Évidemment, même si nos chiens sont autorisés, il faut toujours s’assurer qu’ils ne dérangent pas le voisinage. Quand on fait des activités et des tournages, ça nous arrive de les laisser jusqu’à un maximum de huit heures d’affilée seuls dans la roulotte. C’est la même durée qu’une journée de travail quand on était sédentaire et qu’on quittait pour le bureau. En camping, on ne veut pas se faire dire à notre retour qu’ils ont jappé sans arrêt. Aussi, il faut s’assurer qu’ils sont en sécurité et qu’ils ne souffrent pas de chaleur ou de froid. Voici comment on s’y prend :


  • On installe Mr Bond, notre petit excité, dans une cage démontable en toile qu’on place sur les coussins de la banquette. Snoopy est moins curieux et il aime se cacher dans des petits coins tranquilles. On le laisse donc libre dans la roulotte. Déjà, parce qu’ils sont séparés, ça élimine les interactions et les risques de chicanes et de jappements. Quand on n’utilisait pas la cage, il nous est arrivé qu’un voisin nous avise que ça jappait dans notre roulotte pendant notre absence. Depuis qu’on les a séparés, nous n’avons jamais eu ce commentaire.

  • On ferme tous les stores pour éviter que les chiens voient ce qui se passe à l’extérieur.

  • On met la radio ou de la musique. Le volume doit être suffisamment élevé pour que les chiens n’entendent pas (ou beaucoup moins) les bruits autour de la roulotte.


Pour garantir une température ambiante adéquate, il y a plusieurs options :

  • On active les ventilateurs « Fantastic Fan ». Ils s’ouvrent et se ferment automatiquement avec un thermostat. Si on est en boondocking, ils peuvent fonctionner avec nos batteries. Avec des panneaux solaires, il n’y a donc pas de risque à partir pour la journée.

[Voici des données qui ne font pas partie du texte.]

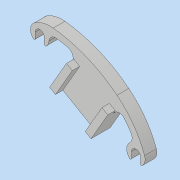
# Autodesk Inventor part: USBBreakoutHolder
Saved by Autodesk Inventor 2017 (Build 210142000, 142)
## iProperties
Created: 2019-07-16
Part Number: USBBreakoutHolder
Material: Generic
Document SubType Name: Modeling
Designer: techn
Density: 1 g/cm^3
Appearance: Default
Author: techn
Autodesk Inventor part; units mm, degrees
ref_plane "YZ Plane" through (0, 0, 0) normal (1, 0, 0) x (0, 1, 0)
ref_plane "XZ Plane" through (0, 0, 0) normal (0, 1, 0) x (-1, 0, 0)
ref_plane "XY Plane" through (0, 0, 0) normal (0, 0, 1) x (1, 0, 0)
sketch "Sketch1" plane through (0, 0, 0) normal (0, 0, 1) x (1, 0, 0)
  arc A0 (1.7145, 0) -> (-1.7145, 0) centre (0, 0) ccw
  arc A1 (38.0096, -20.955) -> (34.5806, -20.955) centre (36.2951, -20.955) ccw
  line L0 (0, 0) -> (36.5724, 0) construction
  line L1 (-1.7145, 0) -> (-1.7145, -3.0427)
  line L2 (1.7145, 0) -> (1.7145, -3.0427)
  line L3 (34.5806, -20.955) -> (34.5806, -23.9977)
  line L4 (38.0096, -20.955) -> (38.0096, -23.9977)
  line L5 (0, 0) -> (0, -41.91) construction
  arc A2 (29.1702, -5.2325) -> (5.0807, 4.6768) centre (0, -41.91) ccw
  arc A3 (5.0807, 4.6768) -> (-2.0016, 2.862) centre (3.9541, -5.6536) ccw
  arc A4 (39.5833, -19.7781) -> (29.1702, -5.2325) centre (8.8547, -30.7765) ccw
  arc A5 (4.8053, 2.1517) -> (2.7829, 2.1102) centre (3.9541, -5.6536) ccw
  arc A6 (27.5892, -7.2205) -> (4.8053, 2.1517) centre (0, -41.91) ccw
  arc A7 (35.8607, -17.4896) -> (27.5892, -7.2205) centre (8.8547, -30.7765) ccw
  arc A8 (35.8607, -17.4896) -> (34.5806, -23.9977) centre (36.2951, -20.955) ccw
  arc A9 (38.0096, -23.9977) -> (39.5833, -19.7781) centre (36.2951, -20.955) ccw
  arc A10 (-2.0016, 2.862) -> (-1.7145, -3.0427) centre (0, 0) ccw
  arc A11 (1.7145, -3.0427) -> (2.7829, 2.1102) centre (0, 0) ccw
  line L6 (0, 0) -> (36.2951, -20.955) construction
  line L7 (12.8786, -1.5696) -> (6.5286, -12.5681)
  line L8 (6.5286, -12.5681) -> (22.1465, -21.5851)
  line L9 (22.1465, -21.5851) -> (28.4965, -10.5866)
  line L10 (28.4965, -10.5866) -> (12.8786, -1.5696)
  line L11 (28.4965, -10.5866) -> (36.2951, -20.955) construction
  line L12 (12.8786, -1.5696) -> (0, 0) construction
  line L13 (12.8786, -1.5696) -> (13.8891, 0.1806)
  line L14 (28.4965, -10.5866) -> (29.4898, -8.8662)
  line L15 (15.0783, -2.8396) -> (8.7283, -13.8381)
  line L16 (26.2968, -9.3166) -> (19.9468, -20.3151)
  dimension "d0" = 3.429
  dimension "d1" = 30
  dimension "d3" = 41.91
  dimension "d4" = 93.726
  dimension "d6" = 2.54
  dimension "d7" = 5.08
  dimension "d8" = 18.034
  dimension "d9" = 41.91
  dimension "d10" = 6.985
  dimension "d11" = 12.7
  dimension "d12" = 2.54
  dimension "d13" = 2.54
  dimension "d14" = 3.429
  dimension "d15" = 3.4925
  constraints: 34 end point, 26 point on circle, 12 centre point, 8 tangent, 6 parallel, 5 point on line, 4 coincident, 2 collinear, 2 equal length, 2 equal radius, 2 perpendicular, 2 vertical, 1 horizontal
  measures "d0" diameter of A0
  measures "d3" distance of L5.start L5.end
  measures "d4" diameter of A2
  measures "d6" radial gap between concentric circles of A2 A6
  measures "d7" distance between parallel lines of L10 L6
  measures "d8" distance between parallel lines of L7 L9
  measures "d9" distance of L5.start L6.end
  measures "d10" diameter of A9
  measures "d11" distance of L8.end L9.end
  measures "d12" distance between parallel lines of L7 L15
  measures "d13" distance between parallel lines of L16 L9
  measures "d14" distance between parallel lines of L3 L4
  measures "d15" radius of A10
extrude "Extrusion1" add sketch "Sketch1" along normal blind 4.445
fillet "Fillet1" radius 2.54 4 edges at (2.7829, 2.1102, 2.2225) (35.8607, -17.4896, 2.2225) (29.4898, -8.8662, 2.2225) (13.8891, 0.1806, 2.2225)
fillet "Fillet2" radius 0.381 4 edges at (-1.7145, -3.0427, 2.2225) (1.7145, -3.0427, 2.2225) (34.5806, -23.9977, 2.2225) (38.0096, -23.9977, 2.2225)
extrude "Extrusion2" add sketch "Sketch1" along normal blind 7.239 contours L10 L15 L8 L7 | L9 L8 L16 L10
body "Solid1"

  • S’il fait très chaud et qu’on est branché à l’électricité du camping, on laisse l’air conditionné fonctionner. Sans électricité, on utilise une génératrice.

  • Les systèmes de chauffage des VR sont généralement alimentés par le gaz propane, ça ne pose donc pas de problème durant les journées un peu plus froides en boondocking. De toute façon, les chiens sont beaucoup plus tolérants à la fraîcheur qu’à la chaleur. Tout ce qu’il faut, c’est d’être certains qu’il y a suffisamment de gaz dans les bonbonnes.

Quand on quitte la roulotte sans les chiens, il peut aussi être utile de pouvoir surveiller, en temps réel, la température qu’il fait à l’intérieur.